### What you will do
Take the records below and retype them line by line, from the first line through the one containing "settings Model: SimulationMode=external"; stop there.

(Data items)
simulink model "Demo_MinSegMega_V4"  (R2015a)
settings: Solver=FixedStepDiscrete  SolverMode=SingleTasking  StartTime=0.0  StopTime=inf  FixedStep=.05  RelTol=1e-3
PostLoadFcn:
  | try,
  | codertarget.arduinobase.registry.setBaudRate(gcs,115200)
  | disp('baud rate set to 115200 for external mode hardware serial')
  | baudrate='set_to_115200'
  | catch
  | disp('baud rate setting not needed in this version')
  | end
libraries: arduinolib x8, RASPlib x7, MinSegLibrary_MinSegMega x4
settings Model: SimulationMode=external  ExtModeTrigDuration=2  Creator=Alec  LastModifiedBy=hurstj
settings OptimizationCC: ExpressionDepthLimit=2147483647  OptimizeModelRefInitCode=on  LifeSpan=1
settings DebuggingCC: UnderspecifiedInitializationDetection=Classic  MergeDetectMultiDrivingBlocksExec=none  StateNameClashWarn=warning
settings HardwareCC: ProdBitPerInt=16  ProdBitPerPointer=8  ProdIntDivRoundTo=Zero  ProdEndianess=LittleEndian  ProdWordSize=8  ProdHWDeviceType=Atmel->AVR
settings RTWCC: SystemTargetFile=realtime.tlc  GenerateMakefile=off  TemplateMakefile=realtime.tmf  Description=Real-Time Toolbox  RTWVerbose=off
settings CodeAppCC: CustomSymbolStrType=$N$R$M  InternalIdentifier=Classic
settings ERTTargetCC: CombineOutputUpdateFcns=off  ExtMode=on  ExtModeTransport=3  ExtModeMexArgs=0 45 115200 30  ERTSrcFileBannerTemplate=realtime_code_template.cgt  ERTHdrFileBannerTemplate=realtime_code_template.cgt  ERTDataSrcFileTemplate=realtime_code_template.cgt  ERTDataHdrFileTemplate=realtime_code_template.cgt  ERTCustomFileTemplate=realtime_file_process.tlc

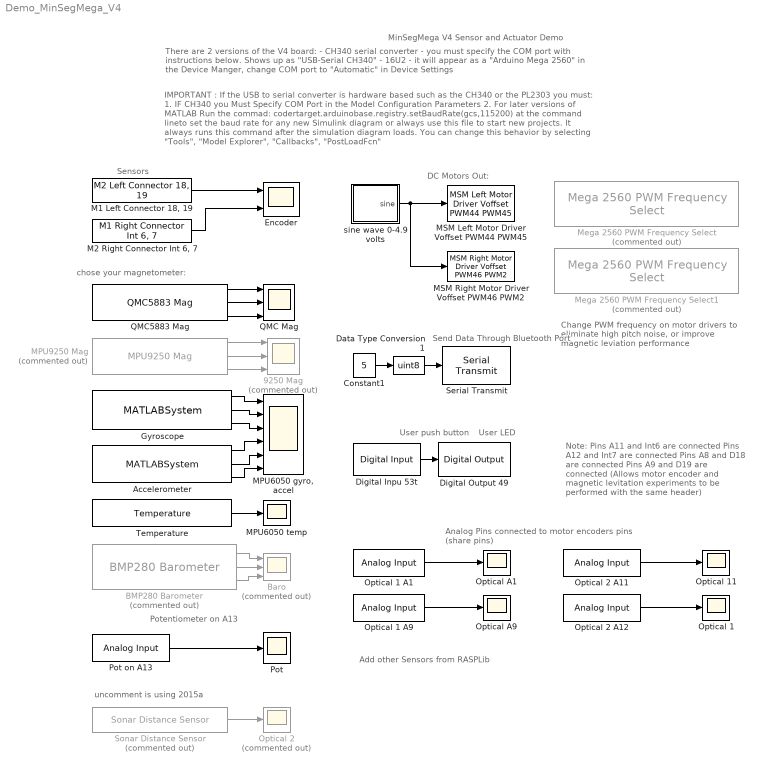
== system Demo_MinSegMega_V4 ==
  note: There are 2 versions of the V4 board:
      | - CH340 serial converter - you must specify the COM port with instructions  below. Shows up as "USB-Serial CH340"
      | - 16U2  - it will appear as a "Arduino Mega 2560" in the Device Manger, change  COM port to  "Automatic" in Device Settings
  note: Change PWM frequency on motor drivers
      | to eliminate high pitch noise, or improve
      | magnetic leviation performance
  note: Add other Sensors from RASPLib
  note: uncomment is using 2015a
  note: MinSegMega V4 Sensor and Actuator Demo
  note: DC Motors Out:
  note: Sensors
  note: Send Data Through Bluetooth Port
  note: User push button
  note: Analog Pins connected to
      | motor encoders pins (share pins)
  note: User LED
  note: Potentiometer on A13
  note: Note: Pins  A11 and Int6 are connected
      |          Pins  A12 and Int7 are connected
      | 	  Pins  A8 and D18 are connected
      |          Pins  A9 and D19 are connected
      | (Allows  motor encoder and magnetic
      | levitation experiments to be performed
      | with the same header)
  note: IMPORTANT : If the USB to serial converter is hardware based such as the CH340 or the PL2303 you must:
      | 1. IF CH340 you Must Specify COM Port in the Model Configuration Parameters
      | 2. For later versions of MATLAB Run the commad: codertarget.arduinobase.registry.setBaudRate(gcs,115200)
      | at the command lineto set the baud rate for any new Simulink diagram or always use this file to start new projects.
      | It always runs this command after the simulation diagram loads.
      | You can change this behavior by selecting "Tools", "Model Explorer", "Callbacks", "PostLoadFcn"
  note: chose your magnetometer:
  9250 Mag : Scope  Commented=on  NumInputPorts=3
      settings: TimeRange=30  YMin=-200~-200~-200  YMax=200~200~200  SaveName=ScopeData7
  Accelerometer : MATLABSystem  System=soMPU6050Accel  SimulateUsing=Code generation
      mask Type: soMPU6050Accel
      mask Display:
      | disp('soMPU6050Accel');
      | port_label('output',1,'xaccel');
      | port_label('output',2,'yaccel');
      | port_label('output',3,'zaccel');
  BMP280 Barometer : RASPlib/BMP280 Barometer  Commented=on  SimulateUsing=Code generation
  Baro : Scope  Commented=on  NumInputPorts=3
      settings: TimeRange=10  YMin=100663~53.25~28.42  YMax=100685~55.25~28.55  SaveName=ScopeData2
  Constant1 : Constant  Value=5  SampleTime=-1
  Data Type Conversion1 : DataTypeConversion  OutDataTypeStr=uint8
  Digital Inpu 53t : arduinolib/Digital Input  pinNumber=53  sampleTime=-1  blockPlatform=arduino
  Digital Output 49 : arduinolib/Digital Output  pinNumber=49  blockPlatform=arduino
  Encoder : Scope  NumInputPorts=2
      settings: TimeRange=30  YMin=-1000~-1000  YMax=1000~1000  ScrollMode=on
  Gyroscope : MATLABSystem  System=soMPU6050Gyro  DLPFmode=0
      mask Type: soMPU6050Gyro
      mask Display:
      | disp('soMPU6050Gyro');
      | port_label('output',1,'xvel');
      | port_label('output',2,'yvel');
      | port_label('output',3,'zvel');
  "M1 Left Connector 18, 19" : MinSegLibrary_MinSegMega/M2 Left Connector 18, 19  Encoder=1  PinA=19  PinB=18
  "M2 Right Connector Int 6, 7" : MinSegLibrary_MinSegMega/M1 Right Connector Int 6, 7  Encoder=2  PinA=6  PinB=7
  "MPU6050 gyro, accel" : Scope  NumInputPorts=6
      settings: TimeRange=30  YMin=-30000~-30000~-30000~-15000~-15000~-15000  YMax=30000~30000~30000~15000~15000~30000  ScrollMode=on
  MPU6050 temp : Scope
      settings: TimeRange=30  YMin=-3000  YMax=0  SaveName=ScopeData5
  MPU9250 Mag : RASPlib/MPU9250 Mag  Commented=on  SimulateUsing=Code generation
  MSM Left Motor Driver Voffset PWM44 PWM45 : MinSegLibrary_MinSegMega/MSM Left Motor Driver Voffset PWM44 PWM45  Vsupply=4.9  Voffset=0
  "MSM Right Motor Driver Voffset PWM46 PWM2 " : MinSegLibrary_MinSegMega/MSM Right Motor Driver Voffset PWM46 PWM2   Vsupply=4.9  Voffset=0
  Mega 2560 PWM Frequency Select : RASPlib/Mega 2560 PWM Frequency Select  Commented=on  Frequency=32KHz  Timer=5 - pins 44, 45, 46
  Mega 2560 PWM Frequency Select1 : RASPlib/Mega 2560 PWM Frequency Select  Commented=on  Frequency=32KHz  Timer=3 - pins 2, 3, 5
  Optical 1 : Scope
      settings: TimeRange=30  YMin=300  YMax=1100  SaveName=ScopeData8
  Optical 1 A1 : arduinolib/Analog Input  pinNumber=8  sampleTime=-1  blockPlatform=arduino
  Optical 1 A9 : arduinolib/Analog Input  pinNumber=9  sampleTime=-1  blockPlatform=arduino
  Optical 11 : Scope
      settings: TimeRange=30  YMin=300  YMax=1100  SaveName=ScopeData4
  Optical 2 : Scope  Commented=on
      settings: TimeRange=30  YMin=0  YMax=100  SaveName=ScopeData10
  Optical 2 A11 : arduinolib/Analog Input  pinNumber=11  sampleTime=-1  blockPlatform=arduino
  Optical 2 A12 : arduinolib/Analog Input  pinNumber=12  sampleTime=-1  blockPlatform=arduino
  Optical A1 : Scope
      settings: TimeRange=30  YMin=0  YMax=1000  SaveName=ScopeData9
  Optical A9 : Scope
      settings: TimeRange=30  YMin=0  YMax=1000  SaveName=ScopeData3
  Pot : Scope
      settings: TimeRange=30  YMin=0  YMax=1250  SaveName=ScopeData6  ScrollMode=on
  Pot on A13 : arduinolib/Analog Input  pinNumber=13  sampleTime=-1  blockPlatform=arduino
  QMC Mag : Scope  NumInputPorts=3
      settings: TimeRange=30  YMin=-1500~-1500~-1500  YMax=1500~1500~1500  SaveName=ScopeData11  ScrollMode=on
  QMC5883 Mag : RASPlib/QMC5883 Mag  SimulateUsing=Code generation
  Serial Transmit : arduinolib/Serial Transmit  portNumber=3  blockPlatform=arduino
  Sonar Distance Sensor : RASPlib/Sonar Distance Sensor  Commented=on  Sonar=1  TrigPin=16  EchoPin=17
  Temperature : RASPlib/Temperature  SimulateUsing=Code generation
  sine wave 0-4.9 volts : Subsystem
  wires:
  sine wave 0-4.9 volts/1(sine) -> "MSM Right Motor Driver Voffset PWM46 PWM2 "/1, MSM Left Motor Driver Voffset PWM44 PWM45/1
  Optical 1 A9/1 -> Optical A9/1
  Pot on A13/1 -> Pot/1
  Optical 2 A11/1 -> Optical 11/1
  Constant1/1 -> Data Type Conversion1/1
  Data Type Conversion1/1 -> Serial Transmit/1
  "M1 Left Connector 18, 19"/1 -> Encoder/1
  "M2 Right Connector Int 6, 7"/1 -> Encoder/2
  Optical 1 A1/1 -> Optical A1/1
  Optical 2 A12/1 -> Optical 1/1
  Sonar Distance Sensor/1 -> Optical 2/1
  Digital Inpu 53t/1 -> Digital Output 49/1
  BMP280 Barometer/1 -> Baro/1
  BMP280 Barometer/2 -> Baro/2
  Gyroscope/1 -> "MPU6050 gyro, accel"/1
  Gyroscope/2 -> "MPU6050 gyro, accel"/2
  Gyroscope/3 -> "MPU6050 gyro, accel"/3
  Accelerometer/1 -> "MPU6050 gyro, accel"/4
  Accelerometer/2 -> "MPU6050 gyro, accel"/5
  Accelerometer/3 -> "MPU6050 gyro, accel"/6
  Temperature/1 -> MPU6050 temp/1
  MPU9250 Mag/2 -> 9250 Mag/2
  MPU9250 Mag/3 -> 9250 Mag/3
  MPU9250 Mag/1 -> 9250 Mag/1
  QMC5883 Mag/2 -> QMC Mag/2
  QMC5883 Mag/3 -> QMC Mag/3
  QMC5883 Mag/1 -> QMC Mag/1
  BMP280 Barometer/3 -> Baro/3

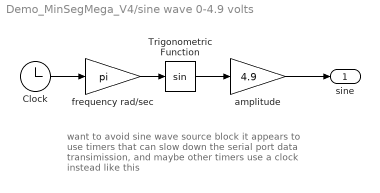
== system Demo_MinSegMega_V4/sine wave 0-4.9 volts ==
  note: want to avoid sine wave source block
      | it appears to use timers that can slow down the
      | serial port data transimission, and maybe
      | other timers
      |
      | use a clock instead like this
  Clock : Clock
  Trigonometric Function : Trigonometry
  amplitude : Gain  Gain=4.9
  frequency rad/sec : Gain  Gain=pi
  sine : Outport
  wires:
  amplitude/1 -> sine/1
  frequency rad/sec/1 -> Trigonometric Function/1
  Trigonometric Function/1 -> amplitude/1
  Clock/1 -> frequency rad/sec/1
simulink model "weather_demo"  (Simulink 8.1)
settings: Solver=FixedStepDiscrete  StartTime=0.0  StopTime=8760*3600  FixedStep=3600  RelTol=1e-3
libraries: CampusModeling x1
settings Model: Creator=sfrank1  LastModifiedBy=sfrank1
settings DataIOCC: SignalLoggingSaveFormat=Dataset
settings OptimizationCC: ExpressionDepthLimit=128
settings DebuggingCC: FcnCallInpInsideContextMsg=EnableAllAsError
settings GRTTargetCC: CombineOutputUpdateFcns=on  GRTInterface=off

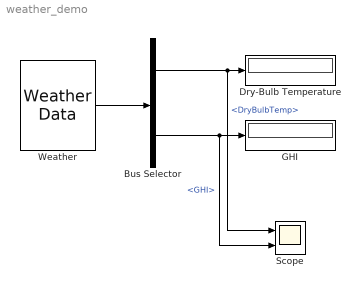
== system weather_demo ==
  Bus Selector : BusSelector  OutputSignals=DryBulbTemp,GHI
  Dry-Bulb Temperature : Display
  GHI : Display
  Scope : Scope  NumInputPorts=2
      settings: YMin=-5~-5  YMax=5~5
  Weather : CampusModeling/Weather/Weather Data  fname=TMY3.mat  initbus=on
  wires:
  Bus Selector/1 -> Scope/1, Dry-Bulb Temperature/1  "<DryBulbTemp>"
  Bus Selector/2 -> Scope/2, GHI/1  "<GHI>"
  Weather/1 -> Bus Selector/1
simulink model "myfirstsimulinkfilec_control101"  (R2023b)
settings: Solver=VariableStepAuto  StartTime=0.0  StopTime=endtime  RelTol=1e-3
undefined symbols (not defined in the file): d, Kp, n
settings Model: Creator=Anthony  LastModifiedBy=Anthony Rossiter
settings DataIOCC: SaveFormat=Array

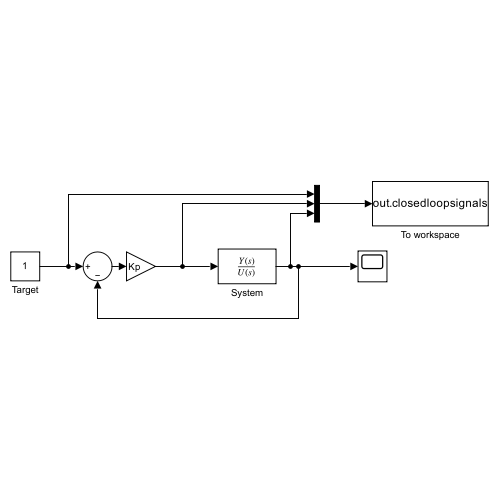
[thumbnail: Simulink's stored preview of the top-level diagram]
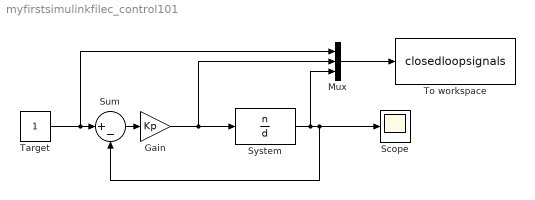
== system myfirstsimulinkfilec_control101 ==
  Gain : Gain  Gain=Kp
  Mux : Mux  Inputs=3
  Scope : Scope
  Sum : Sum  Inputs=|+-
  System : TransferFcn  Numerator=n  Denominator=d
  Target : Constant
  To workspace : ToWorkspace  VariableName=closedloopsignals  SaveFormat=Timeseries  SampleTime=-1
  wires:
  Gain/1 -> Mux/2, System/1
  System/1 -> Mux/3, Scope/1, Sum/2
  Mux/1 -> To workspace/1
  Target/1 -> Mux/1, Sum/1
  Sum/1 -> Gain/1

### Solution
simulink model "Demo_MinSegMega_V4"  (R2015a)
settings: Solver=FixedStepDiscrete  SolverMode=SingleTasking  StartTime=0.0  StopTime=inf  FixedStep=.05  RelTol=1e-3
PostLoadFcn:
  | try,
  | codertarget.arduinobase.registry.setBaudRate(gcs,115200)
  | disp('baud rate set to 115200 for external mode hardware serial')
  | baudrate='set_to_115200'
  | catch
  | disp('baud rate setting not needed in this version')
  | end
libraries: arduinolib x8, RASPlib x7, MinSegLibrary_MinSegMega x4
settings Model: SimulationMode=external  ExtModeTrigDuration=2  Creator=Alec  LastModifiedBy=hurstj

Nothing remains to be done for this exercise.